I knew from others' experiences it could be years before we saw results. We might not even see results at all. We might end up needing to choose corrective surgery.
Imagine my surprise when, after only 4 months, his correction was sufficient to move on to a removable brace!
Now I can hug his squishy sweetness all the time! One day into his 2nd cast, he took his first steps! He started trying to talk. He started laughing- without coughing at the end of it. He jumps and plays and scoots toy cars along.

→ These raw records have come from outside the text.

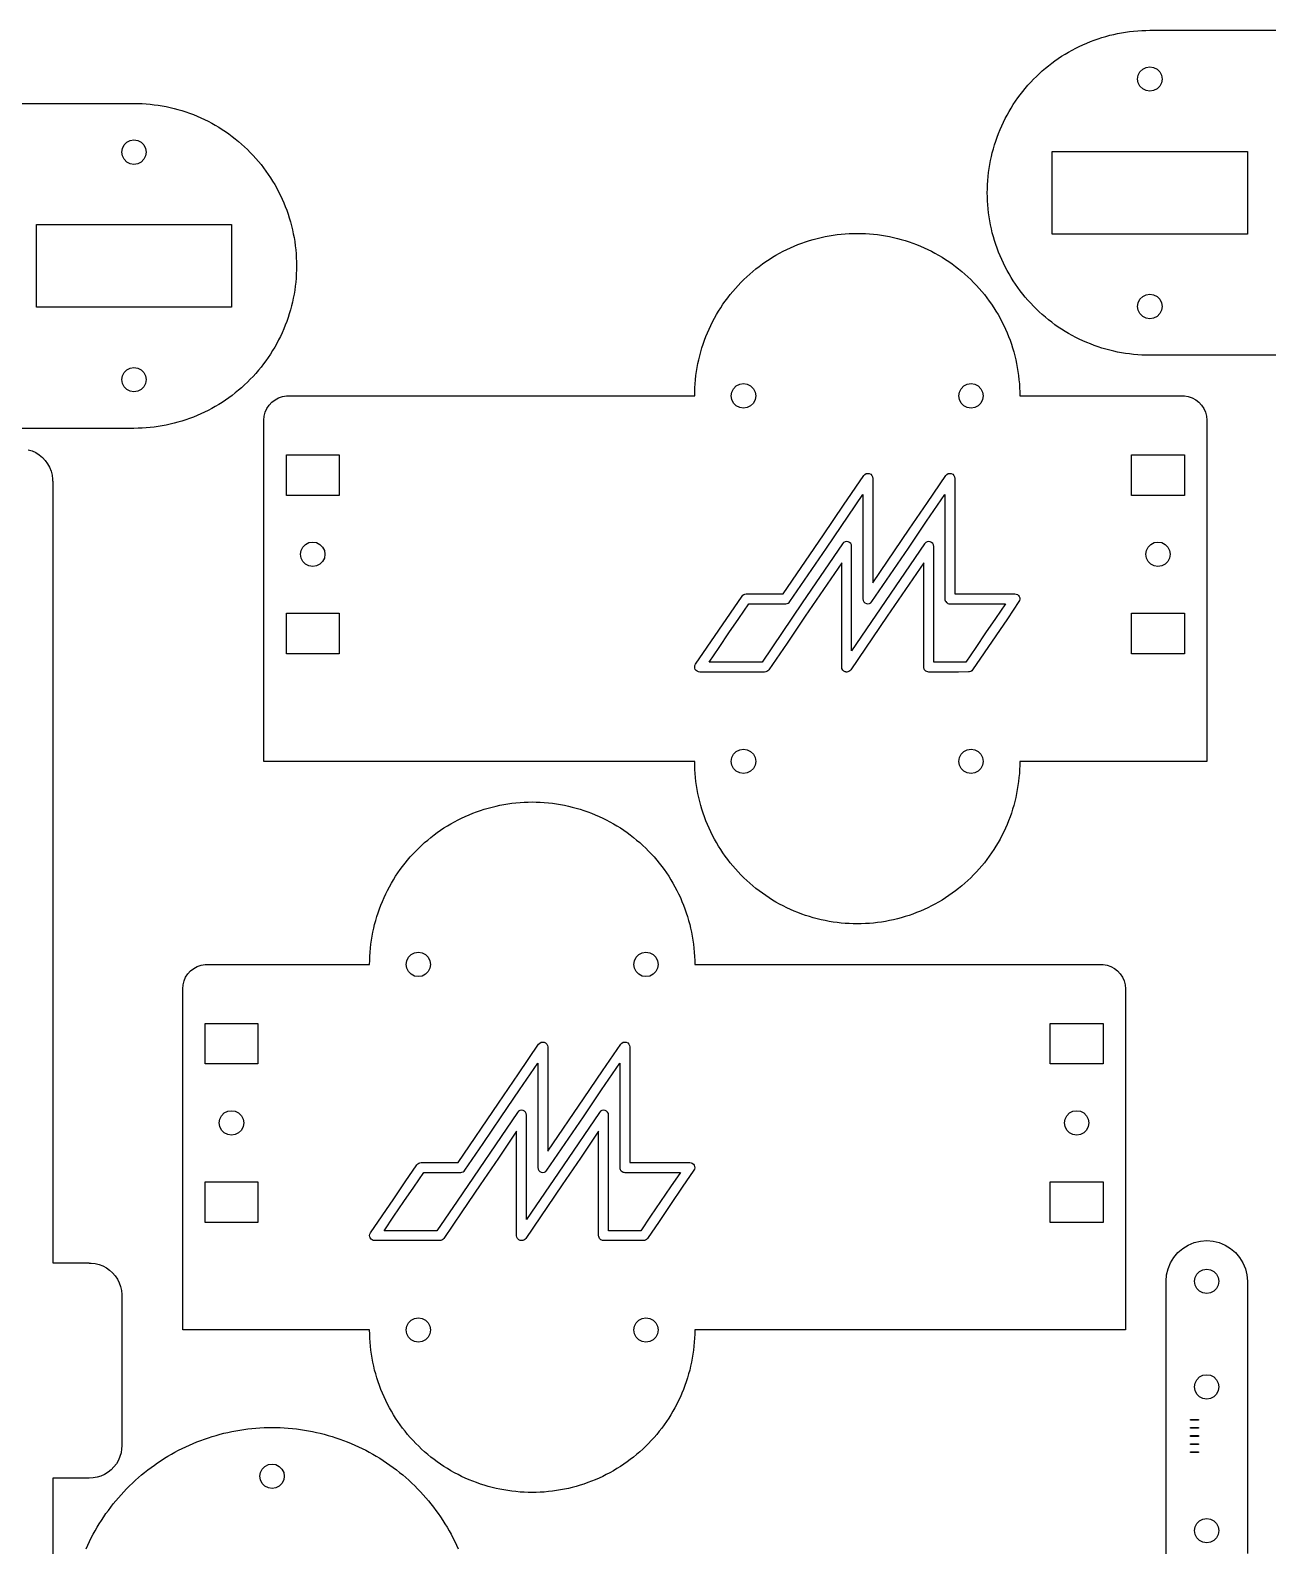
# Model space of a CAD drawing. Extents: x 0 to 1394, y 0 to 480.
# Drawn here: x 385.4 to 537.6, y 187.6 to 374.1 of the extents above; entities that cross this region are included whole.
import ezdxf

# ---------------------------------------------------------------- set-up
doc = ezdxf.new("R2010")
doc.units = 0
doc.layers.add('Layer_1', color=7, linetype='CONTINUOUS')

msp = doc.modelspace()

# ---------------------------------------------------------------- linework, layer by layer
at = {"layer": 'Layer_1', "color": 7}
for points in [[(503.141093, 354.137251), (503.14702, 354.636251), (503.166013, 355.134251), (503.197114, 355.63225), (503.240096, 356.128249), (503.296089, 356.624249), (503.364105, 357.118251), (503.445103, 357.610252), (503.538095, 358.100252), (503.642094, 358.587252), (503.759103, 359.072251), (503.889095, 359.554249), (504.030093, 360.032252), (504.182098, 360.507252), (504.347113, 360.977251), (504.524095, 361.444252), (504.711095, 361.90625), (504.911106, 362.36325), (505.122095, 362.815251), (505.344091, 363.26125), (505.577094, 363.70225), (505.820116, 364.13725), (506.075103, 364.566251), (506.34011, 364.988252), (506.616095, 365.403251), (506.902099, 365.812251), (507.198094, 366.213252), (507.504107, 366.607251), (507.820112, 366.993252), (508.14509, 367.371252), (508.480116, 367.740252), (508.824117, 368.10225), (509.176105, 368.454251), (509.538111, 368.798252), (509.907117, 369.13325), (510.285097, 369.458251), (510.671092, 369.77425), (511.065103, 370.080252), (511.466112, 370.37625), (511.875109, 370.662251), (512.290116, 370.93825), (512.712095, 371.203251), (513.141101, 371.45825), (513.57609, 371.701252), (514.017091, 371.934252), (514.463115, 372.156251), (514.915094, 372.367251), (515.372096, 372.567251), (515.834094, 372.754251), (516.301115, 372.93125), (516.7711, 373.096251), (517.246108, 373.24825), (517.724108, 373.389251), (518.206115, 373.519251), (518.691114, 373.636252), (519.178117, 373.740251), (519.668111, 373.833252), (520.160109, 373.914249), (520.654111, 373.982251), (521.150116, 374.038249), (521.646094, 374.081252), (522.144103, 374.112251), (522.642112, 374.131245), (523.141109, 374.137261), (568.141104, 374.13725)], [(521.641098, 368.137251), (521.714109, 368.60125), (521.927102, 369.019252), (522.259108, 369.35125), (522.677108, 369.564251), (523.141109, 369.637251), (523.605111, 369.564251), (524.02311, 369.35125), (524.355116, 369.019252), (524.56811, 368.60125), (524.641092, 368.137251), (524.56811, 367.673252), (524.355116, 367.25525), (524.02311, 366.923249), (523.605111, 366.710251), (523.141109, 366.637251), (522.677108, 366.710251), (522.259108, 366.923249), (521.927102, 367.25525), (521.714109, 367.673252), (521.641098, 368.137251)], [(298.141108, 365.137263), (398.141105, 365.137251), (398.640102, 365.13124), (399.138112, 365.112258), (399.636093, 365.08125), (400.132098, 365.038251), (400.628104, 364.982252), (401.122106, 364.914251), (401.614104, 364.83325), (402.104098, 364.740252), (402.591101, 364.63625), (403.0761, 364.519252), (403.558107, 364.389249), (404.036107, 364.248251), (404.511115, 364.096252), (404.9811, 363.931251), (405.448093, 363.754249), (405.91009, 363.567252), (406.367093, 363.367249), (406.8191, 363.156252), (407.265096, 362.93425), (407.706096, 362.70125), (408.141114, 362.458251), (408.570091, 362.203252), (408.992098, 361.938251), (409.407106, 361.662252), (409.816102, 361.376251), (410.217112, 361.08025), (410.611094, 360.774251), (410.99709, 360.45825), (411.375098, 360.133251), (411.744104, 359.79825), (412.10611, 359.45425), (412.458098, 359.102251), (412.802098, 358.74025), (413.137096, 358.37125), (413.462103, 357.99325), (413.778107, 357.607252), (414.084093, 357.21325), (414.380116, 356.812252), (414.666091, 356.40325), (414.942105, 355.98825), (415.207111, 355.566252), (415.462099, 355.137252), (415.705092, 354.702251), (415.938095, 354.261251), (416.160091, 353.815252), (416.371109, 353.363251), (416.571091, 352.906251), (416.758092, 352.44425), (416.935102, 351.977252), (417.100117, 351.50725), (417.252094, 351.03225), (417.393092, 350.55425), (417.523112, 350.072252), (417.640093, 349.58725), (417.744092, 349.10025), (417.837112, 348.61025), (417.91811, 348.118249), (417.986097, 347.62425), (418.04209, 347.128251), (418.085101, 346.632251), (418.116117, 346.13425), (418.135026, 345.636252), (418.141037, 345.137252), (418.135167, 344.638252), (418.116202, 344.140251), (418.085101, 343.64225), (418.04209, 343.14625), (417.986097, 342.65025), (417.91811, 342.156251), (417.837112, 341.66425), (417.744092, 341.174251), (417.640093, 340.687251), (417.523112, 340.202252), (417.393092, 339.72025), (417.252094, 339.24225), (417.100117, 338.767251), (416.935102, 338.297252), (416.758092, 337.83025), (416.571091, 337.36825), (416.371109, 336.91125), (416.160091, 336.459251), (415.938095, 336.01325), (415.705092, 335.57225), (415.462099, 335.137252), (415.207111, 334.708252), (414.942105, 334.28625), (414.666091, 333.871251), (414.380116, 333.462252), (414.084093, 333.061251), (413.778107, 332.667252), (413.462103, 332.281251), (413.137096, 331.903251), (412.802098, 331.534251), (412.458098, 331.17225), (412.10611, 330.820251), (411.744104, 330.47625), (411.375098, 330.14125), (410.99709, 329.816251), (410.611094, 329.50025), (410.217112, 329.19425), (409.816102, 328.89825), (409.407106, 328.612252), (408.992098, 328.33625), (408.570091, 328.071251), (408.141114, 327.816252), (407.706096, 327.573251), (407.265096, 327.340251), (406.8191, 327.118252), (406.367093, 326.907251), (405.91009, 326.707252), (405.448093, 326.520251), (404.9811, 326.34325), (404.511115, 326.178251), (404.036107, 326.026249), (403.558107, 325.885251), (403.0761, 325.755251), (402.591101, 325.63825), (402.104098, 325.534251), (401.614104, 325.441251), (401.122106, 325.36025), (400.628104, 325.292252), (400.132098, 325.23625), (399.636093, 325.193251), (399.138112, 325.162251), (398.640102, 325.143258), (398.141105, 325.137241), (298.141108, 325.137252)], [(396.641094, 359.137252), (396.714105, 359.601251), (396.927098, 360.01925), (397.259104, 360.351251), (397.677104, 360.564249), (398.141105, 360.637252), (398.605107, 360.564249), (399.023106, 360.351251), (399.355112, 360.01925), (399.568106, 359.601251), (399.641116, 359.137252), (399.568106, 358.67325), (399.355112, 358.255251), (399.023106, 357.923251), (398.605107, 357.710252), (398.141105, 357.637249), (397.677104, 357.710252), (397.259104, 357.923251), (396.927098, 358.255251), (396.714105, 358.67325), (396.641094, 359.137252)], [(511.141105, 349.039251), (511.141105, 359.23025), (535.141114, 359.23025), (535.141114, 349.039251), (511.141105, 349.039251)], [(568.141104, 334.13724), (523.141109, 334.137251), (522.642112, 334.143263), (522.144103, 334.162245), (521.646094, 334.19325), (521.150116, 334.236252), (520.654111, 334.29225), (520.160109, 334.360252), (519.668111, 334.44125), (519.178117, 334.53425), (518.691114, 334.638252), (518.206115, 334.75525), (517.724108, 334.88525), (517.246108, 335.026251), (516.7711, 335.17825), (516.301115, 335.343252), (515.834094, 335.52025), (515.372096, 335.707251), (514.915094, 335.90725), (514.463115, 336.118251), (514.017091, 336.34025), (513.57609, 336.573252), (513.141101, 336.816251), (512.712095, 337.07125), (512.290116, 337.336251), (511.875109, 337.612251), (511.466112, 337.898252), (511.065103, 338.194252), (510.671092, 338.500252), (510.285097, 338.81625), (509.907117, 339.141252), (509.538111, 339.476249), (509.176105, 339.82025), (508.824117, 340.172252), (508.480116, 340.53425), (508.14509, 340.90325), (507.820112, 341.28125), (507.504107, 341.667251), (507.198094, 342.06125), (506.902099, 342.462251), (506.616095, 342.87125), (506.34011, 343.286249), (506.075103, 343.708251), (505.820116, 344.137251), (505.577094, 344.572251), (505.344091, 345.013252), (505.122095, 345.45925), (504.911106, 345.911252), (504.711095, 346.368251), (504.524095, 346.830252), (504.347113, 347.297251), (504.182098, 347.76725), (504.030093, 348.242249), (503.889095, 348.720252), (503.759103, 349.202251), (503.642094, 349.68725), (503.538095, 350.17425), (503.445103, 350.664249), (503.364105, 351.15625), (503.296089, 351.650252), (503.240096, 352.146252), (503.197114, 352.642252), (503.166098, 353.14025), (503.147189, 353.638251), (503.141178, 354.137251)], [(386.141101, 340.039252), (386.141101, 350.230251), (410.14111, 350.230251), (410.14111, 340.039252), (386.141101, 340.039252)], [(467.166113, 330.134251), (467.197101, 330.632252), (467.240112, 331.128251), (467.296105, 331.624251), (467.364092, 332.11825), (467.44509, 332.610251), (467.53811, 333.100251), (467.642109, 333.587251), (467.75909, 334.07225), (467.88911, 334.554251), (468.030108, 335.032251), (468.182113, 335.507251), (468.3471, 335.97725), (468.52411, 336.444251), (468.711111, 336.906252), (468.911093, 337.363252), (469.122111, 337.81525), (469.344107, 338.261252), (469.57711, 338.702252), (469.820103, 339.13725), (470.075091, 339.56625), (470.340097, 339.988251), (470.616111, 340.403251), (470.902115, 340.81225), (471.198109, 341.213251), (471.504095, 341.60725), (471.820099, 341.993251), (472.145106, 342.371251), (472.480104, 342.740251), (472.824104, 343.102252), (473.176092, 343.454251), (473.538098, 343.798251), (473.907104, 344.133252), (474.285112, 344.45825), (474.671108, 344.774252), (475.06509, 345.080251), (475.4661, 345.376252), (475.875096, 345.66225), (476.290104, 345.938252), (476.712111, 346.20325), (477.141117, 346.458252), (477.576106, 346.701251), (478.017106, 346.934251), (478.463102, 347.15625), (478.915109, 347.36725), (479.372112, 347.56725), (479.834109, 347.75425), (480.301102, 347.931252), (480.771115, 348.09625), (481.246095, 348.248249), (481.724095, 348.38925), (482.206102, 348.51925), (482.691101, 348.636251), (483.178104, 348.74025), (483.668098, 348.833251), (484.160096, 348.914252), (484.654098, 348.98225), (485.150104, 349.038251), (485.646109, 349.081251), (486.14409, 349.11225), (486.6421, 349.131244), (487.141097, 349.137261), (487.640094, 349.131238), (488.138103, 349.112256), (488.636112, 349.081251), (489.13209, 349.038251), (489.628095, 348.98225), (490.122097, 348.914252), (490.614095, 348.833251), (491.104089, 348.74025), (491.591092, 348.636251), (492.076091, 348.51925), (492.558098, 348.38925), (493.036098, 348.248249), (493.511106, 348.09625), (493.981091, 347.931252), (494.448112, 347.75425), (494.91011, 347.56725), (495.367112, 347.36725), (495.819091, 347.15625), (496.265115, 346.934251), (496.706116, 346.701251), (497.141105, 346.458252), (497.570111, 346.20325), (497.99209, 345.938252), (498.407097, 345.66225), (498.816094, 345.376252), (499.217103, 345.080251), (499.611114, 344.774252), (499.997109, 344.45825), (500.375089, 344.133252), (500.744095, 343.798251), (501.106101, 343.454251), (501.458117, 343.102252), (501.80209, 342.740251), (502.137116, 342.371251), (502.462094, 341.993251), (502.778099, 341.60725), (503.084112, 341.213251), (503.380107, 340.81225), (503.666111, 340.403251), (503.942096, 339.988251), (504.207103, 339.56625), (504.46209, 339.13725), (504.705112, 338.702252), (504.938115, 338.261252), (505.160111, 337.81525), (505.3711, 337.363252), (505.571111, 336.906252), (505.758111, 336.444251), (505.935093, 335.97725), (506.100108, 335.507251), (506.252113, 335.032251), (506.393111, 334.554251), (506.523103, 334.07225), (506.640112, 333.587251), (506.744111, 333.100251), (506.837103, 332.610251), (506.918101, 332.11825), (506.986117, 331.624251), (507.04211, 331.128251), (507.085092, 330.632252), (507.116108, 330.134251), (507.135017, 329.63625), (507.141028, 329.13725), (527.141101, 329.13725), (527.141101, 329.127259), (527.38909, 329.127251), (527.877109, 329.045251), (528.346106, 328.884252), (528.782111, 328.648252), (529.173101, 328.344251), (529.508099, 327.980252), (529.779117, 327.56525), (529.978112, 327.11125), (530.100117, 326.631252), (530.141095, 326.13725), (530.141095, 284.13725), (507.141113, 284.13725), (507.135186, 283.63825), (507.116193, 283.140252), (507.085092, 282.642251), (507.04211, 282.146251), (506.986117, 281.650251), (506.918101, 281.156252), (506.837103, 280.664251), (506.744111, 280.174251), (506.640112, 279.687251), (506.523103, 279.20225), (506.393111, 278.720251), (506.252113, 278.242251), (506.100108, 277.767251), (505.935093, 277.29725), (505.758111, 276.830251), (505.571111, 276.36825), (505.3711, 275.911251), (505.160111, 275.459252), (504.938115, 275.013251), (504.705112, 274.57225), (504.46209, 274.13725), (504.207103, 273.708252), (503.942096, 273.286251), (503.666111, 272.871252), (503.380107, 272.46225), (503.084112, 272.061251), (502.778099, 271.667252), (502.462094, 271.281251), (502.137116, 270.903251), (501.80209, 270.534251), (501.458117, 270.172251), (501.106101, 269.820252), (500.744095, 269.476251), (500.375089, 269.14125), (499.997109, 268.816252), (499.611114, 268.50025), (499.217103, 268.194251), (498.816094, 267.898251), (498.407097, 267.612252), (497.99209, 267.33625), (497.570111, 267.071252), (497.141105, 266.81625), (496.706116, 266.573251), (496.265115, 266.340251), (495.819091, 266.11825), (495.367112, 265.907252), (494.91011, 265.707252), (494.448112, 265.520252), (493.981091, 265.343251), (493.511106, 265.178252), (493.036098, 265.02625), (492.558098, 264.885252), (492.076091, 264.755252), (491.591092, 264.638251), (491.104089, 264.534252), (490.614095, 264.441251), (490.122097, 264.360251), (489.628095, 264.292252), (489.13209, 264.236251), (488.636112, 264.193251), (488.138103, 264.162252), (487.640094, 264.143259), (487.141097, 264.137239), (486.6421, 264.143261), (486.14409, 264.162244), (485.646109, 264.193251), (485.150104, 264.236251), (484.654098, 264.292252), (484.160096, 264.360251), (483.668098, 264.441251), (483.178104, 264.534252), (482.691101, 264.638251), (482.206102, 264.755252), (481.724095, 264.885252), (481.246095, 265.02625), (480.771115, 265.178252), (480.301102, 265.343251), (479.834109, 265.520252), (479.372112, 265.707252), (478.915109, 265.907252), (478.463102, 266.11825), (478.017106, 266.340251), (477.576106, 266.573251), (477.141117, 266.81625), (476.712111, 267.071252), (476.290104, 267.33625), (475.875096, 267.612252), (475.4661, 267.898251), (475.06509, 268.194251), (474.671108, 268.50025), (474.285112, 268.816252), (473.907104, 269.14125), (473.538098, 269.476251), (473.176092, 269.820252), (472.824104, 270.172251), (472.480104, 270.534251), (472.145106, 270.903251), (471.820099, 271.281251), (471.504095, 271.667252), (471.198109, 272.061251), (470.902115, 272.46225), (470.616111, 272.871252), (470.340097, 273.286251), (470.075091, 273.708252), (469.820103, 274.13725), (469.57711, 274.57225), (469.344107, 275.013251), (469.122111, 275.459252), (468.911093, 275.911251), (468.711111, 276.36825), (468.52411, 276.830251), (468.3471, 277.29725), (468.182113, 277.767251), (468.030108, 278.242251), (467.88911, 278.720251), (467.75909, 279.20225), (467.642109, 279.687251), (467.53811, 280.174251), (467.44509, 280.664251), (467.364092, 281.156252), (467.296105, 281.650251), (467.240112, 282.146251), (467.197101, 282.642251), (467.166113, 283.140252), (467.147204, 283.63825)], [(521.641098, 340.13725), (521.714109, 340.601252), (521.927102, 341.019251), (522.259108, 341.351252), (522.677108, 341.564251), (523.141109, 341.63725), (523.605111, 341.564251), (524.02311, 341.351252), (524.355116, 341.019251), (524.56811, 340.601252), (524.641092, 340.13725), (524.56811, 339.673252), (524.355116, 339.25525), (524.02311, 338.923252), (523.605111, 338.71025), (523.141109, 338.637251), (522.677108, 338.71025), (522.259108, 338.923252), (521.927102, 339.25525), (521.714109, 339.673252), (521.641098, 340.13725)], [(396.641094, 331.137252), (396.714105, 331.60125), (396.927098, 332.01925), (397.259104, 332.35125), (397.677104, 332.564252), (398.141105, 332.637251), (398.605107, 332.564252), (399.023106, 332.35125), (399.355112, 332.01925), (399.568106, 331.60125), (399.641116, 331.137252), (399.568106, 330.67325), (399.355112, 330.255251), (399.023106, 329.92325), (398.605107, 329.710251), (398.141105, 329.637252), (397.677104, 329.710251), (397.259104, 329.92325), (396.927098, 330.255251), (396.714105, 330.67325), (396.641094, 331.137252)], [(471.641114, 329.13725), (471.714096, 329.601251), (471.927089, 330.019251), (472.259096, 330.351251), (472.677095, 330.56425), (473.141096, 330.63725), (473.605098, 330.56425), (474.023097, 330.351251), (474.355104, 330.019251), (474.568097, 329.601251), (474.641108, 329.13725), (474.568097, 328.673251), (474.355104, 328.255252), (474.023097, 327.923251), (473.605098, 327.71025), (473.141096, 327.63725), (472.677095, 327.71025), (472.259096, 327.923251), (471.927089, 328.255252), (471.714096, 328.673251), (471.641114, 329.13725)], [(499.641114, 329.13725), (499.714097, 329.601251), (499.92709, 330.019251), (500.259096, 330.351251), (500.677095, 330.56425), (501.141097, 330.63725), (501.605098, 330.56425), (502.023098, 330.351251), (502.355104, 330.019251), (502.568097, 329.601251), (502.641108, 329.13725), (502.568097, 328.673251), (502.355104, 328.255252), (502.023098, 327.923251), (501.605098, 327.71025), (501.141097, 327.63725), (500.677095, 327.71025), (500.259096, 327.923251), (499.92709, 328.255252), (499.714097, 328.673251), (499.641114, 329.13725)], [(414.141102, 284.13725), (414.141102, 326.13725), (414.182108, 326.631252), (414.304113, 327.11125), (414.503108, 327.56525), (414.774098, 327.980252), (415.109096, 328.344251), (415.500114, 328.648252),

However, back to the bath at hand...
When I first got the diagnosis, I contacted the local Early Childhood Intervention people. I didn't think there'd be issues with my little mister, but I wanted to advocate as early as I could. After several assessments- we were assigned an Occupational Therapist, a Developmental Therapist, and a Physical Therapist. Doc was about 5 months behind developmentally. It was discovered during this time that Doc has his sensory issues- bathing was a BIG fight. He wouldn't even touch water (or anything non-fluffy) with his hands. Baths were few and far between- typically we'd end up sponge bathing him with a damp cloth while he screamed in panic.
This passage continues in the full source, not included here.